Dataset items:
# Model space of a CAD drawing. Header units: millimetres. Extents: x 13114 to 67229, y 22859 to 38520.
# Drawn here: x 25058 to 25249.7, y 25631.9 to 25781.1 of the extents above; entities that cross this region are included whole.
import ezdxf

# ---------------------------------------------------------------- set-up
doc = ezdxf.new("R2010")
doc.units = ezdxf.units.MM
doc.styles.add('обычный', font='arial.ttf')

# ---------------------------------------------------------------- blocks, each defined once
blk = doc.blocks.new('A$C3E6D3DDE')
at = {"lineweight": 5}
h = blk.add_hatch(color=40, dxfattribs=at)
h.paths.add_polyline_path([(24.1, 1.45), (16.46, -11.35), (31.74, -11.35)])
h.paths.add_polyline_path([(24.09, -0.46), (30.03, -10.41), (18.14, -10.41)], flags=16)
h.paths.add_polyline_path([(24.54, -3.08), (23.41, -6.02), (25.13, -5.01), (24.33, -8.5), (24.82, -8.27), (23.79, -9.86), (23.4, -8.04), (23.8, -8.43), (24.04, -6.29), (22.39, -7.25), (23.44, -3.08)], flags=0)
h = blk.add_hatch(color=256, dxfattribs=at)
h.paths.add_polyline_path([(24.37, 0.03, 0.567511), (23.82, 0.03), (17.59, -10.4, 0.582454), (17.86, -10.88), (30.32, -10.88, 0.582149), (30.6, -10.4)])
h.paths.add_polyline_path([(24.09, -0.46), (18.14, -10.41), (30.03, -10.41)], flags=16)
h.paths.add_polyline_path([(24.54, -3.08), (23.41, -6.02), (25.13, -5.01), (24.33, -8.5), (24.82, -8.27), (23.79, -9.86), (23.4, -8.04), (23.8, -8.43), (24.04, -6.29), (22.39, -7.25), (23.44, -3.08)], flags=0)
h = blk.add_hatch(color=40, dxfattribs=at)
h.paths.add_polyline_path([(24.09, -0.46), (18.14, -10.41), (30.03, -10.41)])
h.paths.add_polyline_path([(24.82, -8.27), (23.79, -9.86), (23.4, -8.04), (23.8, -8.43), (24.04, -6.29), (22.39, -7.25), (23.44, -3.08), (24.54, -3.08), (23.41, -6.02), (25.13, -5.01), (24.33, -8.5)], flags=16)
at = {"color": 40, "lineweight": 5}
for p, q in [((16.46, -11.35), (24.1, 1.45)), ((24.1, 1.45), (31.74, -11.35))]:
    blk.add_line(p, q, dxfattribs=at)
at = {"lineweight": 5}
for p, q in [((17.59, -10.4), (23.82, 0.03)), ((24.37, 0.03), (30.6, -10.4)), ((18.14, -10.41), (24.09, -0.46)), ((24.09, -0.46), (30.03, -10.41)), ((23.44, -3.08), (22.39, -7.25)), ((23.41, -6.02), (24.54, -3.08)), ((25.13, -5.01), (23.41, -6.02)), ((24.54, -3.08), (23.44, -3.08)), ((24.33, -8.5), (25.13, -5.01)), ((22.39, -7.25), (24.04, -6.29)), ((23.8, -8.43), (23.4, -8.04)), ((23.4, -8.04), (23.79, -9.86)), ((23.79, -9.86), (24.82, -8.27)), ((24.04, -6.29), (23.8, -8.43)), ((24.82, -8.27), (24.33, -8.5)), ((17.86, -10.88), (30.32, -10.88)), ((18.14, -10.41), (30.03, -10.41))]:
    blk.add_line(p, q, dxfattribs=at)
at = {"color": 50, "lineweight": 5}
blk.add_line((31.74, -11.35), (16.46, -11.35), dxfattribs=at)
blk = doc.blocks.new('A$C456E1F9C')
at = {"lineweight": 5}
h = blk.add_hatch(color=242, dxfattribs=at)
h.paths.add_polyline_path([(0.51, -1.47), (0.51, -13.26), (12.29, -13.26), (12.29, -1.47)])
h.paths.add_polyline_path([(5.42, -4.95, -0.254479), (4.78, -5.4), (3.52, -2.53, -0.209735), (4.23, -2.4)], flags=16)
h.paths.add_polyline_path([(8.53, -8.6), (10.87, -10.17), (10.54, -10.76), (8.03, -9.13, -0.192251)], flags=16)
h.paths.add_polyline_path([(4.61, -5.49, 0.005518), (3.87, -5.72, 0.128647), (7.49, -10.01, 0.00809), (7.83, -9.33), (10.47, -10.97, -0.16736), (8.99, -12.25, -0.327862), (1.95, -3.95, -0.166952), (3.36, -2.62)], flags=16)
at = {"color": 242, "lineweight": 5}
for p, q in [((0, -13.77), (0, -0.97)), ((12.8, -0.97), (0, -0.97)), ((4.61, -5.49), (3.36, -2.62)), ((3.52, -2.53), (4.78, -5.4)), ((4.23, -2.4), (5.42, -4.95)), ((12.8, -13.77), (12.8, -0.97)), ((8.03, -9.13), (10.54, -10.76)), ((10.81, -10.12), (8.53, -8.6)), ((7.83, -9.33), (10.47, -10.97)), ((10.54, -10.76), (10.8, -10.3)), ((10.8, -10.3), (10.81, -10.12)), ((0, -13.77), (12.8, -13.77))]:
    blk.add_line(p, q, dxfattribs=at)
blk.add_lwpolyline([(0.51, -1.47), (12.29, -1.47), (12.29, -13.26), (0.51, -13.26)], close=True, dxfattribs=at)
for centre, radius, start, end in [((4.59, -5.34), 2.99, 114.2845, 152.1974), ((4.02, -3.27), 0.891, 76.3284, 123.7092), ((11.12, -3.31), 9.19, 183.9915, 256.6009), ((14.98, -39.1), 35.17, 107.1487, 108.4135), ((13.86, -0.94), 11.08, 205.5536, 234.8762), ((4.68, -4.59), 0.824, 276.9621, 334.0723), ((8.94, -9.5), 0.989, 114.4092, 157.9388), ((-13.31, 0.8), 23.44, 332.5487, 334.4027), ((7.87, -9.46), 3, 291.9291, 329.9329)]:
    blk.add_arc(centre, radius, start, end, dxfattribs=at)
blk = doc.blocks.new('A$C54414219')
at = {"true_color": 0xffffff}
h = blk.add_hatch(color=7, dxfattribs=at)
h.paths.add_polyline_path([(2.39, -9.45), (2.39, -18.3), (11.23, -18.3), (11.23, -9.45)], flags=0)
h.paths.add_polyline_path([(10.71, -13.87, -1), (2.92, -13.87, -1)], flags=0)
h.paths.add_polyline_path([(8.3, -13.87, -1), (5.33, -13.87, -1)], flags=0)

> _Prompt_: Return each line of the data where the word "start" appears.

> _The completed task_:
for centre, radius, start, end in [((4.59, -5.34), 2.99, 114.2845, 152.1974), ((4.02, -3.27), 0.891, 76.3284, 123.7092), ((11.12, -3.31), 9.19, 183.9915, 256.6009), ((14.98, -39.1), 35.17, 107.1487, 108.4135), ((13.86, -0.94), 11.08, 205.5536, 234.8762), ((4.68, -4.59), 0.824, 276.9621, 334.0723), ((8.94, -9.5), 0.989, 114.4092, 157.9388), ((-13.31, 0.8), 23.44, 332.5487, 334.4027), ((7.87, -9.46), 3, 291.9291, 329.9329)]:
    blk.add_arc(centre, radius, start, end, dxfattribs=at)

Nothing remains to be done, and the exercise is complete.